# How long to wait for miscarriage?



## KG (Jan 13, 2007)

Hi - hope someone can help me. I had a first scan at my clinic today at 6w4d which showed only a very small empty sac. I have to go to to EPU to have this confirmed on Monday, but I'm not holding out any hope. 


I know there are options to wait for a natural miscarriage or have a D&C (which I would prefer to avoid), but the clinic said it could be a while before the pregnancy takes its natural course and I was wondering how long others have had to wait for this to happen.


Thanks, and    for anyone else who has been through this, it's the pits. 


Kx


----------



## scooby-doo_123 (Jun 19, 2010)

Hi KG

Sorry to hear you are going through this, it really is very hard. I hope you get some good news on monday.


I have recently had a m/c- I was having pain at 5w6d and a scan revealed nothing, then 4 days layer there was a gestational sac. To cut a long story short from 6w3 days they said I was going to m/c, and did I want a d&c. It was my personal choice and the hospital were very good about it, I decided to let nature take it's course, but didn't start bleeding til 8w1d- then a week later it was confirmed I had m/c. I then had a natural period 4 weeks later- although I felt pretty crap physically for all of those weeks as I just wanted AF to come and 'move on'. While having my m/c it was like a heavy, painful period- but I only bled for 4 days.

Like I say to let things happen naturally was my personal decision, every-one is different.

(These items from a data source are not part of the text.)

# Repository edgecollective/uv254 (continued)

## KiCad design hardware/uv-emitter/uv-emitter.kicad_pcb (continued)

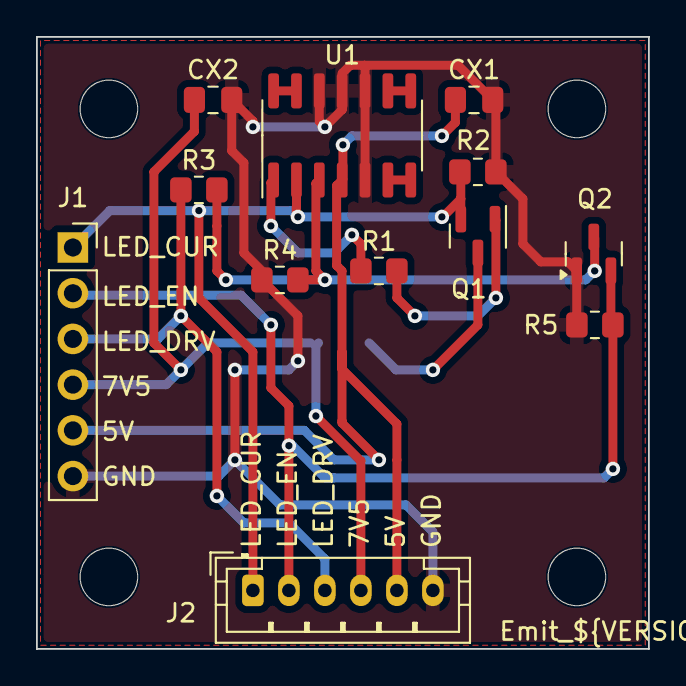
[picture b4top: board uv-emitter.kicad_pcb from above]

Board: 2 copper layers, 34.0 x 34.0 mm, 17 parts (1 on the bottom side), 13 nets.

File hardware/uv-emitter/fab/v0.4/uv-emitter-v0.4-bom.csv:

"Refs","Value","Footprint","Qty","DNP","Description"
"CX1","0.1 uF","Capacitor_SMD:C_0805_2012Metric_Pad1.18x1.45mm_HandSolder","1","","Unpolarized capacitor"
"CX2","1 uF","Capacitor_SMD:C_0805_2012Metric_Pad1.18x1.45mm_HandSolder","1","","Unpolarized capacitor"
"D1","UV LED","uv254:LED_IN-C35PPCTGU0","1","",""
"H1,H2,H3,H4","MountingHole","MountingHole:MountingHole_3.2mm_M3","4","","Mounting Hole without connection"
"J1","Conn_01x06_Socket","Connector_PinSocket_2.54mm:PinSocket_1x06_P2.54mm_Vertical","1","","Generic connector, single row, 01x06, script generated"
"J2","Conn_01x06_Socket","Connector_JST:JST_PH_B6B-PH-K_1x06_P2.00mm_Vertical","1","","Generic connector, single row, 01x06, script generated"
"Q1,Q2","2N7000","Package_TO_SOT_SMD:SOT-23","2","","0.2A Id, 200V Vds, N-Channel MOSFET, 2.6V Logic Level, TO-92"
"R1","49.9","Resistor_SMD:R_0805_2012Metric_Pad1.20x1.40mm_HandSolder","1","",""
"R2","24.9","Resistor_SMD:R_0805_2012Metric_Pad1.20x1.40mm_HandSolder","1","",""
"R3","100K","Resistor_SMD:R_0805_2012Metric_Pad1.20x1.40mm_HandSolder","1","",""
"R4","24.9K","Resistor_SMD:R_0805_2012Metric_Pad1.20x1.40mm_HandSolder","1","",""
"R5","10K","Resistor_SMD:R_0805_2012Metric_Pad1.20x1.40mm_HandSolder","1","",""
"U1","OPA4340UA","Package_SO:SOIC-14_3.9x8.7mm_P1.27mm","1","","Quad Single-Supply, Rail-to-Rail Operational Amplifier, MicroAmplifier Series, SOIC-14"

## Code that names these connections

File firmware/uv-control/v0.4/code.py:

# SPDX-License-Identifier: MIT
"""UV-Control v0.4 bring-up test.

Reads the detector and emitter signals through the ADS1115, switches the UV LED
and shows the readings on the ST7789 TFT and the USB serial console.

Board: SuperMini nRF52840 (CircuitPython's "SuperMini NRF52840" build).
Wiring: hardware/uv-control/v0.4-design.md (pin map).

Buttons:
  A  LED on/off (manual)
  B  measure: dark, LED on, dark again; shows light minus dark per channel
  C  use the last measurement as the blank, so later ones show absorbance
"""
import math
import time

import analogio
import board
import busio
import digitalio
import displayio
import terminalio
from adafruit_ads1x15 import ADS1115, AnalogIn, ads1x15
from adafruit_display_text import label
from adafruit_st7789 import ST7789
from fourwire import FourWire

# --- Pins: keep in step with the schematic and v0.4-design.md
TFT_SCK, TFT_MOSI, TFT_CS = board.P1_13, board.P0_10, board.P1_11
TFT_DC, TFT_RST, TFT_BL = board.P0_06, board.P0_08, board.P1_15
I2C_SDA, I2C_SCL = board.P0_17, board.P0_20
LED_ENABLE = board.P0_22   # emitter: HIGH forces the LED off, LOW lets LED_DRIVE set it
LED_DRIVE = board.P0_24    # emitter current setpoint: HIGH (3.3 V) gives about 26 mA
BOOST_EN = board.P1_00     # U1 (LMR62014) enable: HIGH turns the 8 V LED supply on
BUTTONS = (board.P0_11, board.P1_04, board.P1_06)   # A, B, C to GND
V8_SENSE = board.P0_31     # 8 V LED supply through a 20k/10k divider
DET_2V5 = board.P0_02      # the detector's 2.5 V reference

SENSE_OHMS = 24.9          # emitter current-sense resistor (R2 on the emitter)
SETTLE_S = 0.05            # wait after switching the LED before reading
SAMPLES = 8                # readings averaged per channel


def output(pin, value):
    io = digitalio.DigitalInOut(pin)
    io.switch_to_output(value=value)
    return io


# LED off before anything else
led_enable = output(LED_ENABLE, True)
led_drive = output(LED_DRIVE, False)
boost_en = output(BOOST_EN, True)
led_is_on = False


def set_led(on):
    global led_is_on
    led_drive.value = on
    led_enable.value = not on
    led_is_on = on


buttons = []
for pin in BUTTONS:
    b = digitalio.DigitalInOut(pin)
    b.switch_to_input(pull=digitalio.Pull.UP)
    buttons.append(b)
last_state = [True] * len(buttons)


def pressed():
    """Index of a button that was just pressed, or None."""
    for i, b in enumerate(buttons):
        down = not b.value
        if down and last_state[i]:
            last_state[i] = False
            return i
        if not down:
            last_state[i] = True
    return None


# --- ADC
i2c = busio.I2C(I2C_SCL, I2C_SDA)
ads = ADS1115(i2c)          # address 0x48 (ADDR to GND)
ads.gain = 1                # +/-4.096 V full scale
CHANNELS = (
    ("detect", AnalogIn(ads, ads1x15.Pin.A0)),
    ("rect", AnalogIn(ads, ads1x15.Pin.A1)),
    ("light-tight", AnalogIn(ads, ads1x15.Pin.A2)),
    ("LED sense", AnalogIn(ads, ads1x15.Pin.A3)),
)
v8 = analogio.AnalogIn(V8_SENSE)
v2v5 = analogio.AnalogIn(DET_2V5)


def read_all():
    sums = [0.0] * len(CHANNELS)
    for _ in range(SAMPLES):
        for i, (_, ch) in enumerate(CHANNELS):
            sums[i] += ch.voltage
    return [s / SAMPLES for s in sums]


def internal_volts(adc, scale=1.0):
    return adc.value / 65535 * adc.reference_voltage * scale


# --- Display: 2.0" 240x320 ST7789, used in landscape
displayio.release_displays()
spi = busio.SPI(TFT_SCK, MOSI=TFT_MOSI)
bus = FourWire(spi, command=TFT_DC, chip_select=TFT_CS, reset=TFT_RST, baudrate=24_000_000)
display = ST7789(bus, width=320, height=240, rotation=90, backlight_pin=TFT_BL)
screen = displayio.Group()
display.root_group = screen


def text_line(y, color=0xFFFFFF, scale=2):
    t = label.Label(terminalio.FONT, text="", color=color, scale=scale, x=6, y=y)
    screen.append(t)
    return t


title = text_line(12, 0x66CCFF)
title.text = "UV-Control v0.4"
rows = [text_line(44 + 24 * i) for i in range(len(CHANNELS))]
status = text_line(150, 0xFFCC00)
result = text_line(184, 0x99FF99)
hint = text_line(226, 0x888888, scale=1)
hint.text = "A: LED on/off   B: measure   C: set blank"

blank = None
last = None


def measure():
    """Light minus dark for each channel, with the LED off before and after."""
    set_led(False)
    time.sleep(SETTLE_S)
    dark1 = read_all()
    set_led(True)
    time.sleep(SETTLE_S)
    light = read_all()
    set_led(False)
    time.sleep(SETTLE_S)
    dark2 = read_all()
    return [l - (a + b) / 2 for l, a, b in zip(light, dark1, dark2)], light


print("time_s,detect_V,rect_V,light_tight_V,led_sense_V,led_on")
while True:
    button = pressed()
    if button == 0:
        set_led(not led_is_on)
    elif button == 1:
        last, light = measure()
        led_mA = light[3] / SENSE_OHMS * 1000
        line = "signal %.4f V  LED %.1f mA" % (last[0], led_mA)
        if blank and last[0] > 0 and blank[0] > 0:
            line = "A = %.4f  LED %.1f mA" % (-math.log10(last[0] / blank[0]), led_mA)
        result.text = line
        print("measure," + ",".join("%.5f" % v for v in last))
    elif button == 2 and last:
        blank = last
        result.text = "blank set: %.4f V" % blank[0]

    volts = read_all()
    for row, (name, _), v in zip(rows, CHANNELS, volts):
        row.text = "%-11s %7.4f V" % (name, v)
    status.text = "LED %s  8V %.2f V  2V5 %.3f V" % (
        "ON " if led_is_on else "off", internal_volts(v8, 3.0), internal_volts(v2v5))
    print("%.2f,%s,%d" % (time.monotonic(), ",".join("%.5f" % v for v in volts), led_is_on))
    time.sleep(0.2)

I hope you do get some good news on monday,


----------



## Mistletoe (Holly) (Jan 1, 2007)

You can also have tablets to induce it if you would prefer to know when it would happen.

Bleeding can be severe so if you do start bleeding do make sure you keep an eye on the loss and seek help if required.

I had surgery for my miscarriage - which was very quick and straight forward although there are risks.


----------



## ThisTime (Jun 24, 2007)

Hi KG, first, so sad to hear your news, I know how it feels.
I had an early scan at 7 weeks, baby was too small for gestational age and heartbeat slow. I knew after looking on internet it was probably going to end badly. I had a follow up scan as advised 2 weeks later and there was no heartbeat. After attempting to seek help through the nhs who wanted me to wait 6 weeks to even see a consultant, I decided to spend some of our savings and go private with a d and c. I couldn't bear the wait as I was still feeling pg. Plus I'm 41 and need to get going to try again. I felt immediate relief after having the very minor op.
If I could've waited I would have, but mentally, physically and realistically I couldn't.
I had to miss the next cycle as it was a bit all over the place. But we have just had treatment 2 months later, sadly failed but onwards and upwards.
Hope you have better news next time.
H xx


----------



## Mistletoe (Holly) (Jan 1, 2007)

This Time - I cannot believe the NHS would make you wait 6 weeks with a dead baby inside you - that is terrible - you could get infection or dead fetus syndrome after a few weeks. Unbelievable.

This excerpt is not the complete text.